(Stored items from a collection)
########################################

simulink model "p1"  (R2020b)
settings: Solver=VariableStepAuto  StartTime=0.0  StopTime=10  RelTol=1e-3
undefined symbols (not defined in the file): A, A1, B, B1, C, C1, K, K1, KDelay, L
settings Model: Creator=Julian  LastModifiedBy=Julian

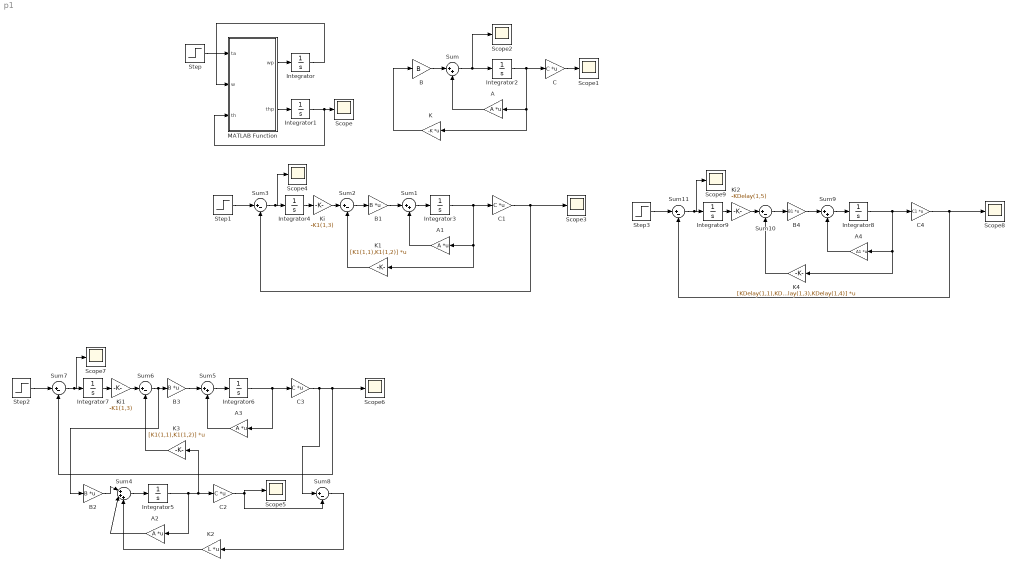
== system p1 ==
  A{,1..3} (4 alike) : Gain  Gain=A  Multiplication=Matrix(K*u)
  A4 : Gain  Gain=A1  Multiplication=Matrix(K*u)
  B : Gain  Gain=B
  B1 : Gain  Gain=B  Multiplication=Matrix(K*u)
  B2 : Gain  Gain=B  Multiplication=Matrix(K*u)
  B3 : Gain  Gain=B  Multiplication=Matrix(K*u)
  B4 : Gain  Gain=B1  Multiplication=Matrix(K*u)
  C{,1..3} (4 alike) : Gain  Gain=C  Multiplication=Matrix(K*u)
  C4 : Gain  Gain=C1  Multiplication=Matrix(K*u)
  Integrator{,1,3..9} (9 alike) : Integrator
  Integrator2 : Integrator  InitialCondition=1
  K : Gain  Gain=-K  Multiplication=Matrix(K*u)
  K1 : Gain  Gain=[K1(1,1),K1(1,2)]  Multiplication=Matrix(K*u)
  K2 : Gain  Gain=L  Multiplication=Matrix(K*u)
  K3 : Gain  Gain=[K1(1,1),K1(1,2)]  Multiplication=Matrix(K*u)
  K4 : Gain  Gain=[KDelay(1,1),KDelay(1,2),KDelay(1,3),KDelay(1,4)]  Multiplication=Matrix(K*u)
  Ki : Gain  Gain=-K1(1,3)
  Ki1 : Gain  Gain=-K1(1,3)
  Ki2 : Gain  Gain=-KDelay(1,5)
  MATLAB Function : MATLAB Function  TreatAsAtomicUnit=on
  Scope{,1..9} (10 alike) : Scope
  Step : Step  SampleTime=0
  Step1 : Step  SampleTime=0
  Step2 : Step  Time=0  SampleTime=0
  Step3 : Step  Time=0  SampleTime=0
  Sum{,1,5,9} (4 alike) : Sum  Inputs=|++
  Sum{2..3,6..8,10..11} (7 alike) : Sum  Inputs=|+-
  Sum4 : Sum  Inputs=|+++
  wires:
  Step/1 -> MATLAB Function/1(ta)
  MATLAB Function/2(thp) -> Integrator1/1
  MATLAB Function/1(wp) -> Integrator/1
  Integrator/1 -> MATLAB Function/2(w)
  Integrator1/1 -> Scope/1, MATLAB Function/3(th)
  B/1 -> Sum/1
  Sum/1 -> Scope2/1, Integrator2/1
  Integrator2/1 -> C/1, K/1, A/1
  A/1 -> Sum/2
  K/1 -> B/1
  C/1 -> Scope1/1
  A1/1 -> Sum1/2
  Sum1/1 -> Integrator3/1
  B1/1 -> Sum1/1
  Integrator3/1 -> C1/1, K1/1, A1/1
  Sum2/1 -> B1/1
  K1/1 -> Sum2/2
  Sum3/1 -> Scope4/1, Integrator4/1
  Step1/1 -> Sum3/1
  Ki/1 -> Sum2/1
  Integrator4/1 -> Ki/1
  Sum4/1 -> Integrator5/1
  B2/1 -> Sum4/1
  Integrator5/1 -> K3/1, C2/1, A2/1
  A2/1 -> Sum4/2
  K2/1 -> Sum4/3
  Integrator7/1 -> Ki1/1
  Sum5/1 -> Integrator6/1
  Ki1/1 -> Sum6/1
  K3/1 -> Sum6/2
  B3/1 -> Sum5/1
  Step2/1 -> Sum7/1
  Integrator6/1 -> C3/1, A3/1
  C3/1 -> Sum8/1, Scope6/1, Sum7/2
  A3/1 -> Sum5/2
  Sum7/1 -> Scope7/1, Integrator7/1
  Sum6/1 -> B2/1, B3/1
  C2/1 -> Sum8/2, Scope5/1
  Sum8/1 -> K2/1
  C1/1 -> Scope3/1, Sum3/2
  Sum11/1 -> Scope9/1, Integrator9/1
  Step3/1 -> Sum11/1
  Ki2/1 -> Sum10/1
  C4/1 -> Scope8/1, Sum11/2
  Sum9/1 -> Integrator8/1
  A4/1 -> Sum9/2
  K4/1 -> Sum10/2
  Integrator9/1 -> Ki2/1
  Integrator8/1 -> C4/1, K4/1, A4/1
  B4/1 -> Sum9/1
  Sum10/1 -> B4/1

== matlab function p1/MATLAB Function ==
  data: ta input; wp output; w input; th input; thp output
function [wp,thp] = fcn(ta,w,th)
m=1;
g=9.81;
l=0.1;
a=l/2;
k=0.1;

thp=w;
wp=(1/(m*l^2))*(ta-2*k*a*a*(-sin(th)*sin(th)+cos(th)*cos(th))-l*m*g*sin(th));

########################################

**Work required**:
Taking the entries above, write out exactly the lines starting with the line containing "B1/1 -> Sum1/1" and going on through the line containing "Integrator8/1 -> C4/1, K4/1, A4/1", both included, and nothing else.

**Answer to this task**:
  B1/1 -> Sum1/1
  Integrator3/1 -> C1/1, K1/1, A1/1
  Sum2/1 -> B1/1
  K1/1 -> Sum2/2
  Sum3/1 -> Scope4/1, Integrator4/1
  Step1/1 -> Sum3/1
  Ki/1 -> Sum2/1
  Integrator4/1 -> Ki/1
  Sum4/1 -> Integrator5/1
  B2/1 -> Sum4/1
  Integrator5/1 -> K3/1, C2/1, A2/1
  A2/1 -> Sum4/2
  K2/1 -> Sum4/3
  Integrator7/1 -> Ki1/1
  Sum5/1 -> Integrator6/1
  Ki1/1 -> Sum6/1
  K3/1 -> Sum6/2
  B3/1 -> Sum5/1
  Step2/1 -> Sum7/1
  Integrator6/1 -> C3/1, A3/1
  C3/1 -> Sum8/1, Scope6/1, Sum7/2
  A3/1 -> Sum5/2
  Sum7/1 -> Scope7/1, Integrator7/1
  Sum6/1 -> B2/1, B3/1
  C2/1 -> Sum8/2, Scope5/1
  Sum8/1 -> K2/1
  C1/1 -> Scope3/1, Sum3/2
  Sum11/1 -> Scope9/1, Integrator9/1
  Step3/1 -> Sum11/1
  Ki2/1 -> Sum10/1
  C4/1 -> Scope8/1, Sum11/2
  Sum9/1 -> Integrator8/1
  A4/1 -> Sum9/2
  K4/1 -> Sum10/2
  Integrator9/1 -> Ki2/1
  Integrator8/1 -> C4/1, K4/1, A4/1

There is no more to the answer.